Layla senang Quinn menerima tawarannya. Sebenarnya, Layla masih belum menyerah pada gagasan untuk menjadi vampir. Tidak seperti Quinn, Layla tidak terlalu yakin apakah yang dimiliki Quinn itu benar-benar sebuah kemampuan. Kemampuan biasanya berupa serangkaian keterampilan tertentu, tetapi Quinn telah berubah total seolah-olah dia bukan manusia lagi.
“Baiklah, pertama-tama, kamu perlu mengambil sedikit darahku,” kata Layla, “Dengan begitu, jika kamu lapar lagi, kamu bisa meminumnya.”
Layla kemudian sedikit menurunkan bajunya dan mulai memperlihatkan lehernya ke arah Quinn.
“Apa yang kau pikirkan? Kita tidak bisa melakukannya di sini, di depan perpustakaan, dan aku tidak akan begitu saja menggigit lehermu.”
Saat keduanya terus berbicara dan mengobrol tentang berbagai hal di perpustakaan, mereka membicarakan apa yang akan dilakukan selanjutnya.
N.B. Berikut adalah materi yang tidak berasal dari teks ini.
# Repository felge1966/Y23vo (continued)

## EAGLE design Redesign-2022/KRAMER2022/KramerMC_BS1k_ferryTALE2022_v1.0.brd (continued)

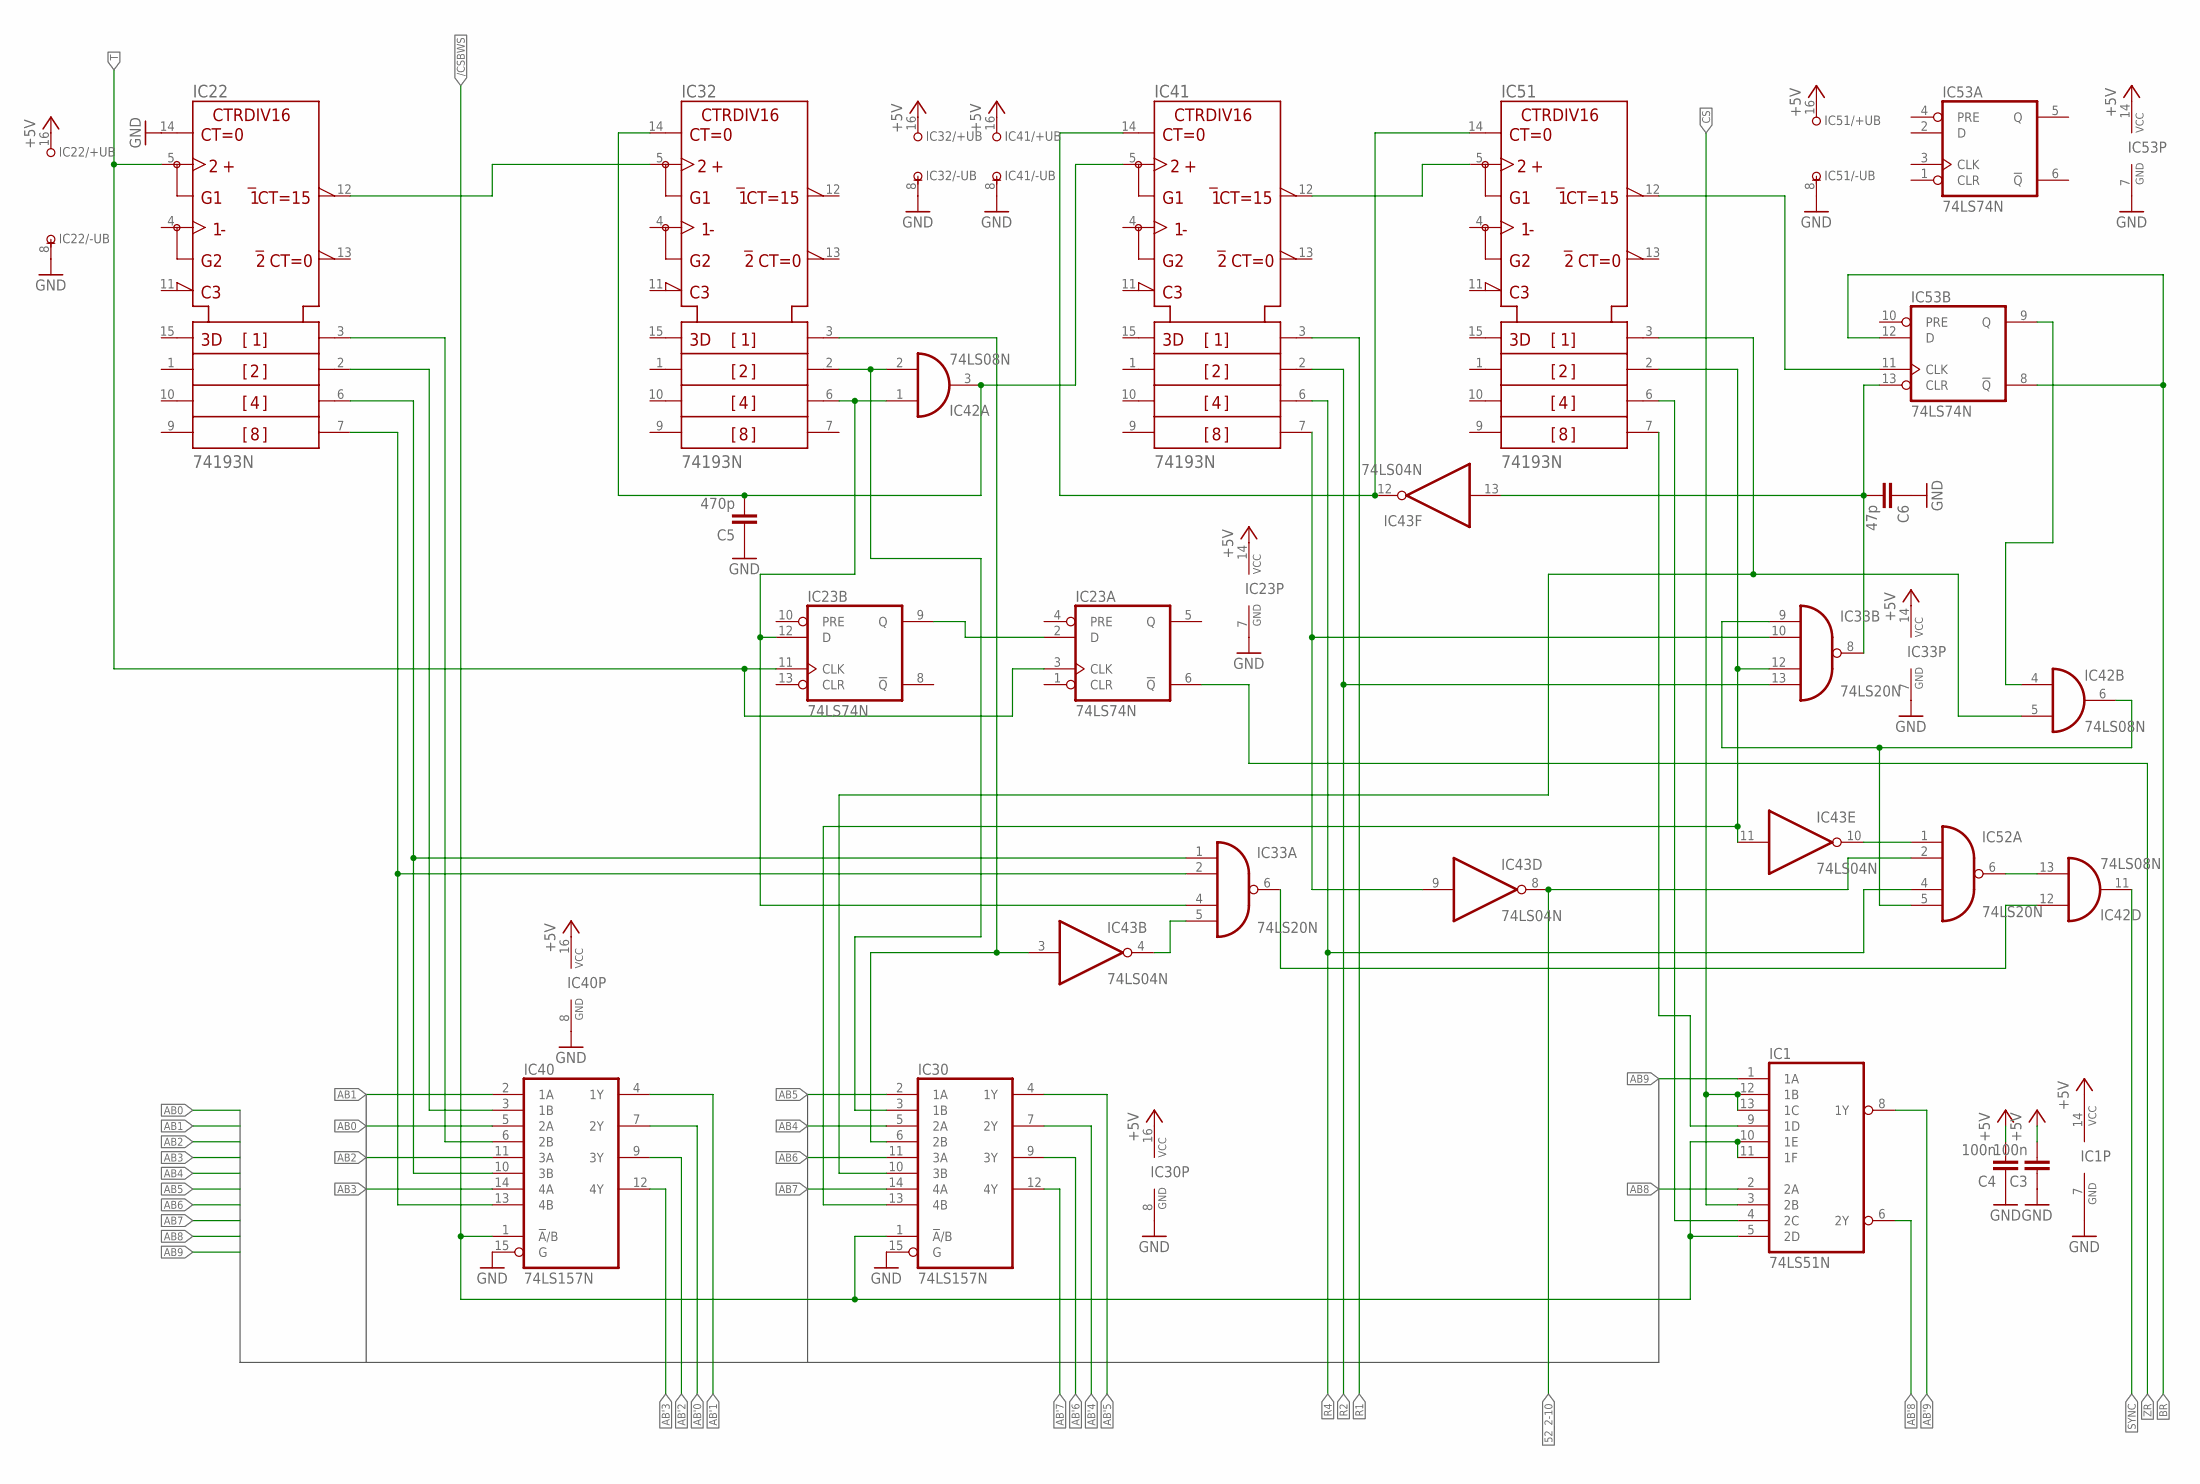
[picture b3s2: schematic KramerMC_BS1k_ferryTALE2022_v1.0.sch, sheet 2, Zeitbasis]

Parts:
C3, C4: 100n; C050-024X044
C5: 470p; C050-024X044
C6: 47p; C050-024X044
IC1: 74LS51N; DIL14
IC22, IC32, IC41, IC51: 74193N; DIL16
IC23, IC53: 74LS74N; DIL14
IC30, IC40: 74LS157N; DIL16
IC33, IC52: 74LS20N; DIL14
IC42: 74LS08N; DIL14
IC43: 74LS04N; DIL14

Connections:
52_2-10: IC43.8 (O), IC52.2 (I1); also elsewhere on the board
+5V: C3.2, C4.2, IC1.14 (VCC), IC22.16 (+UB), IC23.14 (VCC), IC30.16 (VCC), IC32.16 (+UB), IC33.14 (VCC), IC40.16 (VCC), IC41.16 (+UB), IC51.16 (+UB), IC53.14 (VCC); also elsewhere on the board
/CSBWS: IC1.5 (2D), IC1.10 (1E), IC1.11 (1F), IC30.1 (!A!/B), IC40.1 (!A!/B); also elsewhere on the board
AB0: IC40.5 (2A); also elsewhere on the board
AB1: IC40.2 (1A); also elsewhere on the board
AB2: IC40.11 (3A); also elsewhere on the board
AB3: IC40.14 (4A); also elsewhere on the board
AB4: IC30.5 (2A); also elsewhere on the board
AB5: IC30.2 (1A); also elsewhere on the board
AB6: IC30.11 (3A); also elsewhere on the board
AB7: IC30.14 (4A); also elsewhere on the board
AB8: IC1.2 (2A); also elsewhere on the board
AB9: IC1.1 (1A); also elsewhere on the board
AB'0: IC40.7 (2Y); also elsewhere on the board
AB'1: IC40.4 (1Y); also elsewhere on the board
AB'2: IC40.9 (3Y); also elsewhere on the board
AB'3: IC40.12 (4Y); also elsewhere on the board
AB'4: IC30.7 (2Y); also elsewhere on the board
AB'5: IC30.4 (1Y); also elsewhere on the board
AB'6: IC30.9 (3Y); also elsewhere on the board
AB'7: IC30.12 (4Y); also elsewhere on the board
AB'8: IC1.6 (2Y); also elsewhere on the board
AB'9: IC1.8 (1Y); also elsewhere on the board
BR: IC53.8 (!Q), IC53.12 (D); also elsewhere on the board
CS: IC1.3 (2B), IC1.12 (1B), IC1.13 (1C); also elsewhere on the board
GND: C3.1, C4.1, C5.1, C6.1, IC1.7 (GND), IC22.8 (-UB), IC22.14 (CLR), IC23.7 (GND), IC30.8 (GND), IC30.15 (G), IC32.8 (-UB), IC33.7 (GND), IC40.8 (GND), IC40.15 (G), IC41.8 (-UB), IC51.8 (-UB), IC53.7 (GND); also elsewhere on the board
unnamed: IC22.3 (QA), IC40.6 (2B)
unnamed: IC22.2 (QB), IC40.3 (1B)
unnamed: IC22.6 (QC), IC33.1 (I0), IC40.10 (3B)
unnamed: IC22.7 (QD), IC33.2 (I1), IC40.13 (4B)
unnamed: IC22.12 (!CO), IC32.5 (UP)
unnamed: C5.2, IC32.14 (CLR), IC41.5 (UP), IC42.3 (O)
unnamed: IC23.12 (D), IC32.6 (QC), IC33.4 (I2), IC42.1 (I0)
unnamed: IC30.3 (1B), IC32.2 (QB), IC42.2 (I1)
unnamed: IC30.6 (2B), IC32.3 (QA), IC43.3 (I)
unnamed: IC33.5 (I3), IC43.4 (O)
unnamed: IC23.2 (D), IC23.9 (Q)
unnamed: IC41.12 (!CO), IC51.5 (UP)
unnamed: IC41.14 (CLR), IC43.12 (O), IC51.14 (CLR)
unnamed: C6.2, IC33.8 (O), IC43.13 (I), IC53.13 (CLR)
unnamed: IC33.10 (I1), IC41.7 (QD), IC43.9 (I)
unnamed: IC33.9 (I0), IC42.6 (O), IC52.5 (I3)
unnamed: IC51.12 (!CO), IC53.11 (CLK)
unnamed: IC30.10 (3B), IC42.5 (I1), IC51.3 (QA)
unnamed: IC30.13 (4B), IC33.12 (I2), IC43.11 (I), IC51.2 (QB)
unnamed: IC42.4 (I0), IC53.9 (Q)
unnamed: IC1.4 (2C), IC51.6 (QC)
unnamed: IC1.9 (1D), IC51.7 (QD)
unnamed: IC42.13 (I1), IC52.6 (O)
unnamed: IC43.10 (O), IC52.1 (I0)
unnamed: IC33.6 (O), IC42.12 (I0)
R1: IC41.3 (QA); also elsewhere on the board
R2: IC33.13 (I3), IC41.2 (QB); also elsewhere on the board
R4: IC41.6 (QC), IC52.4 (I2); also elsewhere on the board
SYNC: IC42.11 (O); also elsewhere on the board
T: IC22.5 (UP), IC23.3 (CLK), IC23.11 (CLK); also elsewhere on the board
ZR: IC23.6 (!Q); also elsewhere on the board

Vorden telah memasuki perpustakaan dan dapat melihat Quinn berbicara dengan Layla, keduanya mengobrol dan tersenyum.
“Jadi kau sudah melupakanku secepat itu ya,” kata Vorden, “Kau sama seperti yang lain, akan kutunjukkan padamu apa artinya mengkhianatiku, Quinn. Jika orang-orang akan menyebutku monster, maka sebaiknya aku menerimanya dan menjadi monster.”